* _Work request_
Which lines below contain the word "CIRCLE"? Copy each one.

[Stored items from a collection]
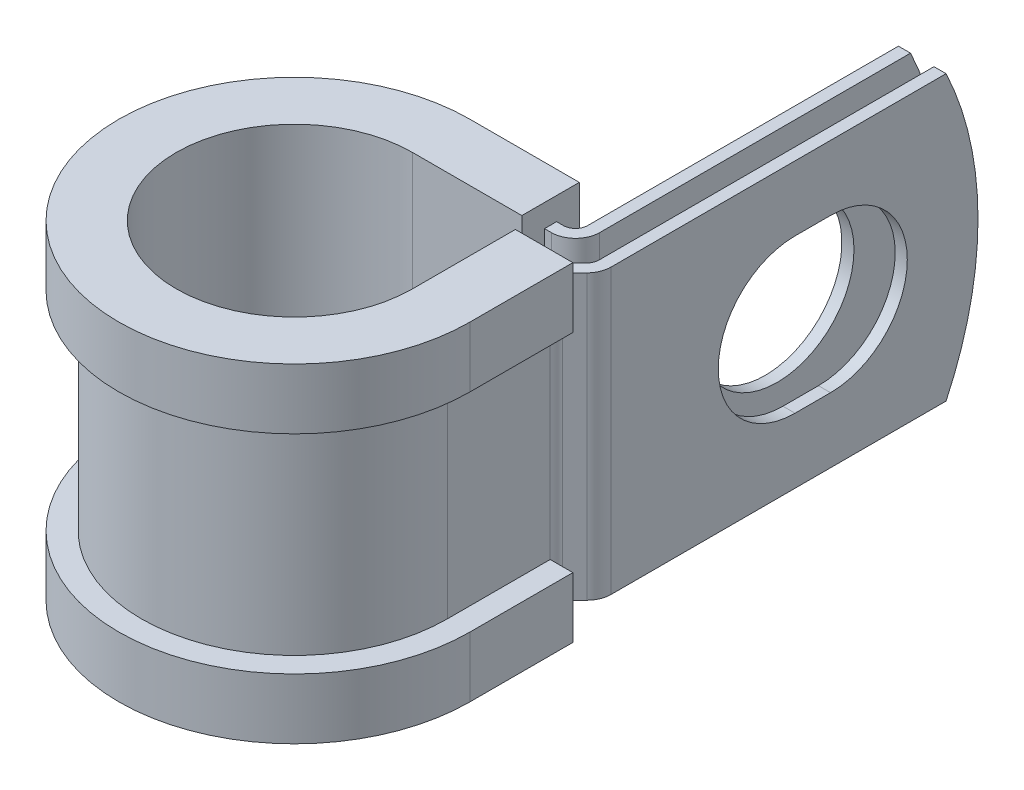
ISO-10303-21;
HEADER;
FILE_DESCRIPTION(('STEP AP214'),'2;1');
FILE_NAME('part.step','',(''),(''),'','','');
FILE_SCHEMA(('AUTOMOTIVE_DESIGN { 1 0 10303 214 1 1 1 1 }'));
ENDSEC;
DATA;
#1=APPLICATION_CONTEXT('core data for automotive mechanical design processes');
#2=APPLICATION_PROTOCOL_DEFINITION('international standard','automotive_design',2000,#1);
#3=PRODUCT_CONTEXT('',#1,'mechanical');
#4=PRODUCT('Part','Part','',(#3));
#5=PRODUCT_RELATED_PRODUCT_CATEGORY('part','',(#4));
#6=PRODUCT_DEFINITION_FORMATION('','',#4);
#7=PRODUCT_DEFINITION_CONTEXT('part definition',#1,'design');
#8=PRODUCT_DEFINITION('design','',#6,#7);
#9=PRODUCT_DEFINITION_SHAPE('','',#8);
#10=(LENGTH_UNIT() NAMED_UNIT(*) SI_UNIT(.MILLI.,.METRE.));
#11=(NAMED_UNIT(*) PLANE_ANGLE_UNIT() SI_UNIT($,.RADIAN.));
#12=(NAMED_UNIT(*) SI_UNIT($,.STERADIAN.) SOLID_ANGLE_UNIT());
#13=UNCERTAINTY_MEASURE_WITH_UNIT(LENGTH_MEASURE(1.E-05),#10,'distance_accuracy_value','');
#14=(GEOMETRIC_REPRESENTATION_CONTEXT(3) GLOBAL_UNCERTAINTY_ASSIGNED_CONTEXT((#13)) GLOBAL_UNIT_ASSIGNED_CONTEXT((#10,
#11,#12)) REPRESENTATION_CONTEXT('',''));
#15=CARTESIAN_POINT('',(0.,0.,0.));
#16=DIRECTION('',(0.,0.,1.));
#17=DIRECTION('',(1.,0.,0.));
#18=AXIS2_PLACEMENT_3D('',#15,#16,#17);
#19=CARTESIAN_POINT('',(10.1890743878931,-9.525,-9.4615));
#20=DIRECTION('',(0.,1.,0.));
#21=DIRECTION('',(1.,0.,0.));
#22=AXIS2_PLACEMENT_3D('',#19,#20,#21);
#23=PLANE('',#22);
#24=DIRECTION('',(0.,0.,-1.));
#25=VECTOR('',#24,1.);
#26=CARTESIAN_POINT('',(7.34427438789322,-9.525,-9.4615));
#27=LINE('',#26,#25);
#28=CARTESIAN_POINT('',(7.34427438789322,-9.525,-9.4615));
#29=VERTEX_POINT('',#28);
#30=CARTESIAN_POINT('',(7.34427438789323,-9.525,-10.2743));
#31=VERTEX_POINT('',#30);
#32=EDGE_CURVE('E523',#29,#31,#27,.T.);
#33=ORIENTED_EDGE('',*,*,#32,.T.);
#34=DIRECTION('',(-1.,0.,0.));
#35=VECTOR('',#34,1.);
#36=CARTESIAN_POINT('',(0.,-9.525,-10.2743));
#37=LINE('',#36,#35);
#38=CARTESIAN_POINT('',(7.80147438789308,-9.525,-10.2743));
#39=VERTEX_POINT('',#38);
#40=EDGE_CURVE('E410',#39,#31,#37,.T.);
#41=ORIENTED_EDGE('',*,*,#40,.F.);
#42=CARTESIAN_POINT('',(7.80147438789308,-9.525,-11.0871));
#43=DIRECTION('',(0.,1.,0.));
#44=DIRECTION('',(1.,0.,0.));
#45=AXIS2_PLACEMENT_3D('',#42,#43,#44);
#46=CIRCLE('',#45,0.812799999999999);
#47=CARTESIAN_POINT('',(8.61427438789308,-9.525,-11.0871));
#48=VERTEX_POINT('',#47);
#49=EDGE_CURVE('E408',#48,#39,#46,.F.);
#50=ORIENTED_EDGE('',*,*,#49,.F.);
#51=DIRECTION('',(0.,0.,1.));
#52=VECTOR('',#51,1.);
#53=CARTESIAN_POINT('',(8.61427438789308,-9.525,-34.1122));
#54=LINE('',#53,#52);
#55=CARTESIAN_POINT('',(8.61427438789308,-9.525,-31.9676631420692));
#56=VERTEX_POINT('',#55);
#57=EDGE_CURVE('E406',#56,#48,#54,.T.);
#58=ORIENTED_EDGE('',*,*,#57,.F.);
#59=DIRECTION('',(-1.,0.,0.));
#60=VECTOR('',#59,1.);
#61=CARTESIAN_POINT('',(11.8146743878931,-9.525,-31.9676631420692));
#62=LINE('',#61,#60);
#63=CARTESIAN_POINT('',(9.42707438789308,-9.525,-31.9676631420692));
#64=VERTEX_POINT('',#63);
#65=EDGE_CURVE('E12',#64,#56,#62,.T.);
#66=ORIENTED_EDGE('',*,*,#65,.F.);
#67=DIRECTION('',(0.,0.,1.));
#68=VECTOR('',#67,1.);
#69=CARTESIAN_POINT('',(9.42707438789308,-9.525,-34.1122));
#70=LINE('',#69,#68);
#71=CARTESIAN_POINT('',(9.42707438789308,-9.525,-11.0871));
#72=VERTEX_POINT('',#71);
#73=EDGE_CURVE('E404',#64,#72,#70,.T.);
#74=ORIENTED_EDGE('',*,*,#73,.T.);
#75=CARTESIAN_POINT('',(7.80147438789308,-9.525,-11.0871));
#76=DIRECTION('',(0.,-1.,0.));
#77=DIRECTION('',(0.,0.,1.));
#78=AXIS2_PLACEMENT_3D('',#75,#76,#77);
#79=CIRCLE('',#78,1.6256);
#80=CARTESIAN_POINT('',(7.80147438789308,-9.525,-9.4615));
#81=VERTEX_POINT('',#80);
#82=EDGE_CURVE('E401',#72,#81,#79,.T.);
#83=ORIENTED_EDGE('',*,*,#82,.T.);
#84=DIRECTION('',(-1.,0.,0.));
#85=VECTOR('',#84,1.);
#86=CARTESIAN_POINT('',(0.,-9.525,-9.4615));
#87=LINE('',#86,#85);
#88=EDGE_CURVE('E398',#81,#29,#87,.T.);
#89=ORIENTED_EDGE('',*,*,#88,.T.);
#90=EDGE_LOOP('',(#33,#41,#50,#58,#66,#74,#83,#89));
#91=FACE_BOUND('',#90,.T.);
#92=ADVANCED_FACE('F54',(#91),#23,.F.);
#93=CARTESIAN_POINT('',(10.1890743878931,9.525,-9.4615));
#94=DIRECTION('',(0.,1.,0.));
#95=DIRECTION('',(1.,0.,0.));
#96=AXIS2_PLACEMENT_3D('',#93,#94,#95);
#97=PLANE('',#96);
#98=DIRECTION('',(-1.,0.,0.));
#99=VECTOR('',#98,1.);
#100=CARTESIAN_POINT('',(0.,9.525,-10.2743));
#101=LINE('',#100,#99);
#102=CARTESIAN_POINT('',(7.80147438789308,9.525,-10.2743));
#103=VERTEX_POINT('',#102);
#104=CARTESIAN_POINT('',(7.34427438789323,9.525,-10.2743));
#105=VERTEX_POINT('',#104);
#106=EDGE_CURVE('E368',#103,#105,#101,.T.);
#107=ORIENTED_EDGE('',*,*,#106,.T.);
#108=DIRECTION('',(0.,0.,1.));
#109=VECTOR('',#108,1.);
#110=CARTESIAN_POINT('',(7.34427438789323,9.525,-10.2743));
#111=LINE('',#110,#109);
#112=CARTESIAN_POINT('',(7.34427438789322,9.525,-9.4615));
#113=VERTEX_POINT('',#112);
#114=EDGE_CURVE('E517',#105,#113,#111,.T.);
#115=ORIENTED_EDGE('',*,*,#114,.T.);
#116=DIRECTION('',(-1.,0.,0.));
#117=VECTOR('',#116,1.);
#118=CARTESIAN_POINT('',(0.,9.525,-9.4615));
#119=LINE('',#118,#117);
#120=CARTESIAN_POINT('',(7.80147438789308,9.525,-9.4615));
#121=VERTEX_POINT('',#120);
#122=EDGE_CURVE('E625',#121,#113,#119,.T.);
#123=ORIENTED_EDGE('',*,*,#122,.F.);
#124=CARTESIAN_POINT('',(7.80147438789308,9.525,-11.0871));
#125=DIRECTION('',(0.,-1.,0.));
#126=DIRECTION('',(0.,0.,1.));
#127=AXIS2_PLACEMENT_3D('',#124,#125,#126);
#128=CIRCLE('',#127,1.6256);
#129=CARTESIAN_POINT('',(9.42707438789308,9.525,-11.0871));
#130=VERTEX_POINT('',#129);
#131=EDGE_CURVE('E370',#130,#121,#128,.T.);
#132=ORIENTED_EDGE('',*,*,#131,.F.);
#133=DIRECTION('',(0.,0.,1.));
#134=VECTOR('',#133,1.);
#135=CARTESIAN_POINT('',(9.42707438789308,9.525,-34.1122));
#136=LINE('',#135,#134);
#137=CARTESIAN_POINT('',(9.42707438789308,9.525,-31.9676631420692));
#138=VERTEX_POINT('',#137);
#139=EDGE_CURVE('E361',#138,#130,#136,.T.);
#140=ORIENTED_EDGE('',*,*,#139,.F.);
#141=DIRECTION('',(-1.,0.,0.));
#142=VECTOR('',#141,1.);
#143=CARTESIAN_POINT('',(11.8146743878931,9.525,-31.9676631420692));
#144=LINE('',#143,#142);
#145=CARTESIAN_POINT('',(8.61427438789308,9.525,-31.9676631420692));
#146=VERTEX_POINT('',#145);
#147=EDGE_CURVE('E62',#138,#146,#144,.T.);
#148=ORIENTED_EDGE('',*,*,#147,.T.);
#149=DIRECTION('',(0.,0.,1.));
#150=VECTOR('',#149,1.);
#151=CARTESIAN_POINT('',(8.61427438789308,9.525,-34.1122));
#152=LINE('',#151,#150);
#153=CARTESIAN_POINT('',(8.61427438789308,9.525,-11.0871));
#154=VERTEX_POINT('',#153);
#155=EDGE_CURVE('E358',#146,#154,#152,.T.);
#156=ORIENTED_EDGE('',*,*,#155,.T.);
#157=CARTESIAN_POINT('',(7.80147438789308,9.525,-11.0871));
#158=DIRECTION('',(0.,1.,0.));
#159=DIRECTION('',(1.,0.,0.));
#160=AXIS2_PLACEMENT_3D('',#157,#158,#159);
#161=CIRCLE('',#160,0.812799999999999);
#162=EDGE_CURVE('E366',#154,#103,#161,.F.);
#163=ORIENTED_EDGE('',*,*,#162,.T.);
#164=EDGE_LOOP('',(#107,#115,#123,#132,#140,#148,#156,#163));
#165=FACE_BOUND('',#164,.T.);
#166=ADVANCED_FACE('F357',(#165),#97,.T.);
#167=CARTESIAN_POINT('',(0.,9.525,-9.4615));
#168=DIRECTION('',(0.,0.,1.));
#169=DIRECTION('',(1.,0.,0.));
#170=AXIS2_PLACEMENT_3D('',#167,#168,#169);
#171=PLANE('',#170);
#172=ORIENTED_EDGE('',*,*,#122,.T.);
#173=DIRECTION('',(0.,-1.,0.));
#174=VECTOR('',#173,1.);
#175=CARTESIAN_POINT('',(7.34427438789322,9.525,-9.4615));
#176=LINE('',#175,#174);
#177=EDGE_CURVE('E520',#113,#29,#176,.T.);
#178=ORIENTED_EDGE('',*,*,#177,.T.);
#179=ORIENTED_EDGE('',*,*,#88,.F.);
#180=DIRECTION('',(0.,-1.,0.));
#181=VECTOR('',#180,1.);
#182=CARTESIAN_POINT('',(7.80147438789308,9.525,-9.4615));
#183=LINE('',#182,#181);
#184=EDGE_CURVE('E344',#121,#81,#183,.T.);
#185=ORIENTED_EDGE('',*,*,#184,.F.);
#186=EDGE_LOOP('',(#172,#178,#179,#185));
#187=FACE_BOUND('',#186,.T.);
#188=ADVANCED_FACE('F635',(#187),#171,.T.);
#189=CARTESIAN_POINT('',(11.8146743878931,9.525,-9.4615));
#190=DIRECTION('',(-1.,0.,0.));
#191=DIRECTION('',(0.,0.,1.));
#192=AXIS2_PLACEMENT_3D('',#189,#190,#191);
#193=PLANE('',#192);
#194=CARTESIAN_POINT('',(11.8146743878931,0.,-24.2061999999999));
#195=DIRECTION('',(1.,0.,0.));
#196=DIRECTION('',(0.,0.,-1.));
#197=AXIS2_PLACEMENT_3D('',#194,#195,#196);
#198=CIRCLE('',#197,5.1562);
#199=CARTESIAN_POINT('',(11.8146743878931,-5.1562,-24.2062000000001));
#200=VERTEX_POINT('',#199);
#201=CARTESIAN_POINT('',(11.8146743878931,5.1562,-24.2062000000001));
#202=VERTEX_POINT('',#201);
#203=EDGE_CURVE('E580',#200,#202,#198,.T.);
#204=ORIENTED_EDGE('',*,*,#203,.F.);
#205=DIRECTION('',(0.,0.,-1.));
#206=VECTOR('',#205,1.);
#207=CARTESIAN_POINT('',(11.8146743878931,-5.1562,-21.8185999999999));
#208=LINE('',#207,#206);
#209=CARTESIAN_POINT('',(11.8146743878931,-5.1562,-21.8185999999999));
#210=VERTEX_POINT('',#209);
#211=EDGE_CURVE('E583',#210,#200,#208,.T.);
#212=ORIENTED_EDGE('',*,*,#211,.F.);
#213=CARTESIAN_POINT('',(11.8146743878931,0.,-21.8185999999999));
#214=DIRECTION('',(1.,0.,0.));
#215=DIRECTION('',(0.,0.,-1.));
#216=AXIS2_PLACEMENT_3D('',#213,#214,#215);
#217=CIRCLE('',#216,5.1562);
#218=CARTESIAN_POINT('',(11.8146743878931,5.1562,-21.8185999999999));
#219=VERTEX_POINT('',#218);
#220=EDGE_CURVE('E576',#219,#210,#217,.T.);
#221=ORIENTED_EDGE('',*,*,#220,.F.);
#222=DIRECTION('',(0.,0.,1.));
#223=VECTOR('',#222,1.);
#224=CARTESIAN_POINT('',(11.8146743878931,5.1562,-21.8185999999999));
#225=LINE('',#224,#223);
#226=EDGE_CURVE('E577',#202,#219,#225,.T.);
#227=ORIENTED_EDGE('',*,*,#226,.F.);
#228=EDGE_LOOP('',(#204,#212,#221,#227));
#229=FACE_BOUND('',#228,.T.);
#230=DIRECTION('',(0.,0.,-1.));
#231=VECTOR('',#230,1.);
#232=CARTESIAN_POINT('',(11.8146743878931,-9.525,-9.4615));
#233=LINE('',#232,#231);
#234=CARTESIAN_POINT('',(11.8146743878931,-9.525,-9.4615));
#235=VERTEX_POINT('',#234);
#236=CARTESIAN_POINT('',(11.8146743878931,-9.525,-31.9676631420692));
#237=VERTEX_POINT('',#236);
#238=EDGE_CURVE('E382',#235,#237,#233,.T.);
#239=ORIENTED_EDGE('',*,*,#238,.T.);
#240=CARTESIAN_POINT('',(11.8146743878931,0.,-11.8872));
#241=DIRECTION('',(-1.,0.,0.));
#242=DIRECTION('',(0.,0.,1.));
#243=AXIS2_PLACEMENT_3D('',#240,#241,#242);
#244=CIRCLE('',#243,22.225);
#245=CARTESIAN_POINT('',(11.8146743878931,9.525,-31.9676631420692));
#246=VERTEX_POINT('',#245);
#247=EDGE_CURVE('E568',#246,#237,#244,.T.);
#248=ORIENTED_EDGE('',*,*,#247,.F.);
#249=DIRECTION('',(0.,0.,-1.));
#250=VECTOR('',#249,1.);
#251=CARTESIAN_POINT('',(11.8146743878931,9.525,-9.4615));
#252=LINE('',#251,#250);
#253=CARTESIAN_POINT('',(11.8146743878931,9.525,-9.4615));
#254=VERTEX_POINT('',#253);
#255=EDGE_CURVE('E419',#254,#246,#252,.T.);
#256=ORIENTED_EDGE('',*,*,#255,.F.);
#257=DIRECTION('',(0.,-1.,0.));
#258=VECTOR('',#257,1.);
#259=CARTESIAN_POINT('',(11.8146743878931,9.525,-9.4615));
#260=LINE('',#259,#258);
#261=EDGE_CURVE('E381',#254,#235,#260,.T.);
#262=ORIENTED_EDGE('',*,*,#261,.T.);
#263=EDGE_LOOP('',(#239,#248,#256,#262));
#264=FACE_BOUND('',#263,.T.);
#265=ADVANCED_FACE('F56',(#229,#264),#193,.F.);
#266=CARTESIAN_POINT('',(11.0018743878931,9.525,-9.4615));
#267=DIRECTION('',(-1.,0.,0.));
#268=DIRECTION('',(0.,0.,1.));
#269=AXIS2_PLACEMENT_3D('',#266,#267,#268);
#270=PLANE('',#269);
#271=DIRECTION('',(0.,0.,-1.));
#272=VECTOR('',#271,1.);
#273=CARTESIAN_POINT('',(11.0018743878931,-5.1562,-21.8185999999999));
#274=LINE('',#273,#272);
#275=CARTESIAN_POINT('',(11.0018743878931,-5.1562,-21.8185999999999));
#276=VERTEX_POINT('',#275);
#277=CARTESIAN_POINT('',(11.0018743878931,-5.1562,-24.2062000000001));
#278=VERTEX_POINT('',#277);
#279=EDGE_CURVE('E579',#276,#278,#274,.T.);
#280=ORIENTED_EDGE('',*,*,#279,.T.);
#281=CARTESIAN_POINT('',(11.0018743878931,0.,-24.2061999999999));
#282=DIRECTION('',(-1.,0.,0.));
#283=DIRECTION('',(0.,0.,1.));
#284=AXIS2_PLACEMENT_3D('',#281,#282,#283);
#285=CIRCLE('',#284,5.1562);
#286=CARTESIAN_POINT('',(11.0018743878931,5.1562,-24.2062000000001));
#287=VERTEX_POINT('',#286);
#288=EDGE_CURVE('E600',#278,#287,#285,.F.);
#289=ORIENTED_EDGE('',*,*,#288,.T.);
#290=DIRECTION('',(0.,0.,1.));
#291=VECTOR('',#290,1.);
#292=CARTESIAN_POINT('',(11.0018743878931,5.1562,-21.8185999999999));
#293=LINE('',#292,#291);
#294=CARTESIAN_POINT('',(11.0018743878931,5.1562,-21.8185999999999));
#295=VERTEX_POINT('',#294);
#296=EDGE_CURVE('E596',#287,#295,#293,.T.);
#297=ORIENTED_EDGE('',*,*,#296,.T.);
#298=CARTESIAN_POINT('',(11.0018743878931,0.,-21.8185999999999));
#299=DIRECTION('',(-1.,0.,0.));
#300=DIRECTION('',(0.,0.,1.));
#301=AXIS2_PLACEMENT_3D('',#298,#299,#300);
#302=CIRCLE('',#301,5.1562);
#303=EDGE_CURVE('E591',#295,#276,#302,.F.);
#304=ORIENTED_EDGE('',*,*,#303,.T.);
#305=EDGE_LOOP('',(#280,#289,#297,#304));
#306=FACE_BOUND('',#305,.T.);
#307=CARTESIAN_POINT('',(11.0018743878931,0.,-11.8872));
#308=DIRECTION('',(-1.,0.,0.));
#309=DIRECTION('',(0.,0.,1.));
#310=AXIS2_PLACEMENT_3D('',#307,#308,#309);
#311=CIRCLE('',#310,22.225);
#312=CARTESIAN_POINT('',(11.0018743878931,9.525,-31.9676631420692));
#313=VERTEX_POINT('',#312);
#314=CARTESIAN_POINT('',(11.0018743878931,-9.525,-31.9676631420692));
#315=VERTEX_POINT('',#314);
#316=EDGE_CURVE('E76',#313,#315,#311,.T.);
#317=ORIENTED_EDGE('',*,*,#316,.T.);
#318=DIRECTION('',(0.,0.,-1.));
#319=VECTOR('',#318,1.);
#320=CARTESIAN_POINT('',(11.0018743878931,-9.525,-9.4615));
#321=LINE('',#320,#319);
#322=CARTESIAN_POINT('',(11.0018743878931,-9.525,-9.4615));
#323=VERTEX_POINT('',#322);
#324=EDGE_CURVE('E385',#323,#315,#321,.T.);
#325=ORIENTED_EDGE('',*,*,#324,.F.);
#326=DIRECTION('',(0.,-1.,0.));
#327=VECTOR('',#326,1.);
#328=CARTESIAN_POINT('',(11.0018743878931,9.525,-9.4615));
#329=LINE('',#328,#327);
#330=CARTESIAN_POINT('',(11.0018743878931,9.525,-9.4615));
#331=VERTEX_POINT('',#330);
#332=EDGE_CURVE('E352',#331,#323,#329,.T.);
#333=ORIENTED_EDGE('',*,*,#332,.F.);
#334=DIRECTION('',(0.,0.,-1.));
#335=VECTOR('',#334,1.);
#336=CARTESIAN_POINT('',(11.0018743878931,9.525,-9.4615));
#337=LINE('',#336,#335);
#338=EDGE_CURVE('E615',#331,#313,#337,.T.);
#339=ORIENTED_EDGE('',*,*,#338,.T.);
#340=EDGE_LOOP('',(#317,#325,#333,#339));
#341=FACE_BOUND('',#340,.T.);
#342=ADVANCED_FACE('F689',(#306,#341),#270,.T.);
#343=CARTESIAN_POINT('',(9.42707438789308,9.525,-34.1122));
#344=DIRECTION('',(1.,0.,0.));
#345=DIRECTION('',(0.,0.,-1.));
#346=AXIS2_PLACEMENT_3D('',#343,#344,#345);
#347=PLANE('',#346);
#348=CARTESIAN_POINT('',(9.42707438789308,0.,-23.0124));
#349=DIRECTION('',(1.,0.,0.));
#350=DIRECTION('',(0.,0.,-1.));
#351=AXIS2_PLACEMENT_3D('',#348,#349,#350);
#352=CIRCLE('',#351,5.1562);
#353=CARTESIAN_POINT('',(9.42707438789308,0.,-28.1686));
#354=VERTEX_POINT('',#353);
#355=EDGE_CURVE('E386',#354,#354,#352,.F.);
#356=ORIENTED_EDGE('',*,*,#355,.T.);
#357=EDGE_LOOP('',(#356));
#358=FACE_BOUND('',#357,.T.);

* _Result for this exercise_
#46=CIRCLE('',#45,0.812799999999999);
#79=CIRCLE('',#78,1.6256);
#128=CIRCLE('',#127,1.6256);
#161=CIRCLE('',#160,0.812799999999999);
#198=CIRCLE('',#197,5.1562);
#217=CIRCLE('',#216,5.1562);
#244=CIRCLE('',#243,22.225);
#285=CIRCLE('',#284,5.1562);
#302=CIRCLE('',#301,5.1562);
#311=CIRCLE('',#310,22.225);
#352=CIRCLE('',#351,5.1562);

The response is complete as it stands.